Industry update

SoundCloud Says Artists Can Reach Tencent Through Its Distribution Workflow

SoundCloud is now telling artists how to deliver releases to Tencent Music platforms. If China is part of your plan, check destination coverage, metadata, artwork, and profile-claim steps before release week.

Bradley J Simons
Bradley J Simons
Updated July 11, 2026

Short answer

SoundCloud's current Tencent distribution guidance says independent artists usually need a licensed distributor to reach Tencent Music platforms such as QQ Music, Kugou, Kuwo, and WeSing, and says SoundCloud can deliver releases to those platforms through its distribution workflow. IFPI's 2026 Global Music Report says China became the world's fourth-largest recorded music market in 2025 after 20.1% growth, the fastest among the top 20 markets. Artists should not treat Tencent as a default global checkbox. They should confirm their distributor supports the destinations, prepare clean metadata and artwork, allow at least two weeks, and claim the profile after the release is live.

SoundCloud says artists can deliver releases to Tencent Music platforms through its distribution workflow. That makes China a practical distribution decision for more artists, but only if your metadata, artwork, timing, and profile claim are handled before release week.

Key takeaways

  • SoundCloud's current Tencent guidance says independent artists usually need a licensed distributor to reach Tencent platforms such as QQ Music, Kugou, Kuwo, and WeSing.
  • SoundCloud says its distribution workflow can deliver releases to Tencent while keeping global releases, royalties, and analytics in one dashboard.
  • IFPI's 2026 Global Music Report says China became the world's fourth-largest recorded music market in 2025 after 20.1% growth.
  • Artists should confirm destination coverage, submit early, localize metadata where it matters, and claim the Tencent profile after the release is live.

What happened?

SoundCloud is now publishing artist-facing guidance for distributing music to Tencent. The page names QQ Music, Kugou, Kuwo, and WeSing, and says independent artists typically need a licensed distributor rather than a direct upload path to Tencent Music platforms.

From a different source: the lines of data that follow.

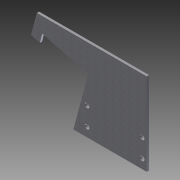
# Autodesk Inventor part: plate_metal_hook
Saved by Autodesk Inventor 2011 (Build 150239000, 239)
## iProperties
Created: 2013-01-17
Part Number: plate_metal_hook
Document SubType Name: Modeling
Designer: Christopher
Density: 1 g/cm^3
Author: Christopher
Autodesk Inventor part; units mm, degrees
ref_plane "YZ Plane" through (0, 0, 0) normal (1, 0, 0) x (0, 1, 0)
ref_plane "XZ Plane" through (0, 0, 0) normal (0, 1, 0) x (-1, 0, 0)
ref_plane "XY Plane" through (0, 0, 0) normal (0, 0, 1) x (1, 0, 0)
sketch "Sketch1" plane through (0, 0, 0) normal (0, 0, 1) x (1, 0, 0)
  line L0 (62.419, -58.294) -> (151.319, -58.294)
  line L1 (62.419, -58.294) -> (49.719, -58.294)
  line L2 (49.719, -58.294) -> (70.1368, 17.906)
  line L3 (70.1368, 17.906) -> (6.6368, 34.9207)
  line L4 (6.6368, 34.9207) -> (3.2338, 22.2207)
  line L5 (3.2338, 22.2207) -> (-9.0335, 25.5077)
  line L6 (-9.0335, 25.5077) -> (-0.8615, 56.006)
  line L7 (151.319, 56.006) -> (151.319, -58.294)
  line L8 (151.319, 56.006) -> (-0.8615, 56.006)
  point P0 (0, 0)
  point P1 (145.018, -45.594)
  point P2 (145.018, -20.194)
  point P3 (68.818, -20.194)
  point P4 (68.818, -45.594)
  dimension "d3" = 88.9
  dimension "d9" = 76.2
  dimension "d10" = 25.4
  dimension "d11" = 12.7
  dimension "d22" = 12.7
  dimension "d23" = 75
  dimension "d24" = 76.2
  dimension "d25" = 63.5
  dimension "d26" = 12.7
  dimension "d27" = 12.7
  dimension "d29" = 114.3
  constraints: 18 end point, 7 perpendicular, 2 horizontal alignment, 2 vertical alignment, 1 horizontal
  measures "d3" distance of L0.start L0.end
  measures "d9" distance of point (145.018, -45.594) point (68.818, -45.594)
  measures "d10" distance of point (68.818, -45.594) point (68.818, -20.194)
  measures "d11" distance from line of L0 point (68.818, -45.594)
  measures "d22" distance of L0.start L1.end
  measures "d23" angle of L0 L2
  measures "d24" vertical distance of L1.end L2.end
  measures "d25" horizontal distance of L2.end L3.end
  measures "d26" vertical distance of L3.end L4.end
  measures "d27" distance of L4.end L5.end
  measures "d29" distance of L7.start L0.end
extrude "Extrusion1" add sketch "Sketch1" against normal blind 3.175
hole "Hole1" at (145.018, -45.594, 0) at (145.018, -20.194, 0) at (68.818, -20.194, 0) at (68.818, -45.594, 0) direction (0, 0, -1) diameter 6.35 depth 25.4 tip angle 118
fillet "Fillet1" radius 12.7 2 edges at (70.1368, 17.906, -1.5875) (6.6368, 34.9207, -1.5875)
body "Solid1"

The timing matters because China is no longer a fringe market in recorded music. IFPI's 2026 Global Music Report says China became the fourth-largest recorded music market in the world in 2025, with 20.1% growth, the fastest growth among the top 20 markets.

#4

China's recorded-music market rank in IFPI's 2026 report

20.1%

China recorded-music revenue growth in 2025

2weeks

Practical minimum lead time before release day

4+

Tencent destinations artists should verify

Why independent artists should care

A global delivery checkbox does not mean every market is handled well. Tencent has its own platform mix, review path, fan behavior, and profile-claim workflow. If China is a real target for your release, treat it like a release lane, not a leftover destination.

Tencent release path
Distributor support
Confirm Tencent, QQ Music, Kugou, Kuwo, and WeSing coverage.
Clean delivery
Prepare WAV audio, square artwork, ISRCs, UPC, lyrics, and language metadata.
Review window
Allow at least two weeks so metadata and copyright checks do not eat release day.
Profile claim
Claim the Tencent artist profile after the release appears live.
Before you count Tencent as covered
Check thisDo not assume this
DistributorTencent destinations are included in your actual planGlobal distribution automatically means every Tencent platform
MetadataArtist name, titles, language, lyrics, ISRCs, UPC, and credits are cleanThe same loose metadata will be accepted everywhere
ProfileYou can claim the profile after the release appearsA profile claim exists before any live music is searchable

What to do now

Check the destination list inside your account

Do not rely on a public marketing page alone. Open your distributor dashboard and check whether Tencent, QQ Music, Kugou, Kuwo, and WeSing are actually available on your plan. If the release matters, ask support before upload.

Give the release more time

SoundCloud's guidance says music can usually appear within two to seven business days, but some releases can take one to two weeks depending on review. Submit at least two weeks ahead if the Tencent date matters.

What is still unclear?

Payouts and access vary

SoundCloud gives a rough Tencent payout estimate, but streaming royalties vary by subscription revenue, listener location, platform revenue, and licensing terms. The public page also does not replace the specific terms in your distributor account. Treat Tencent access as a checklist item to verify, not a guaranteed revenue outcome.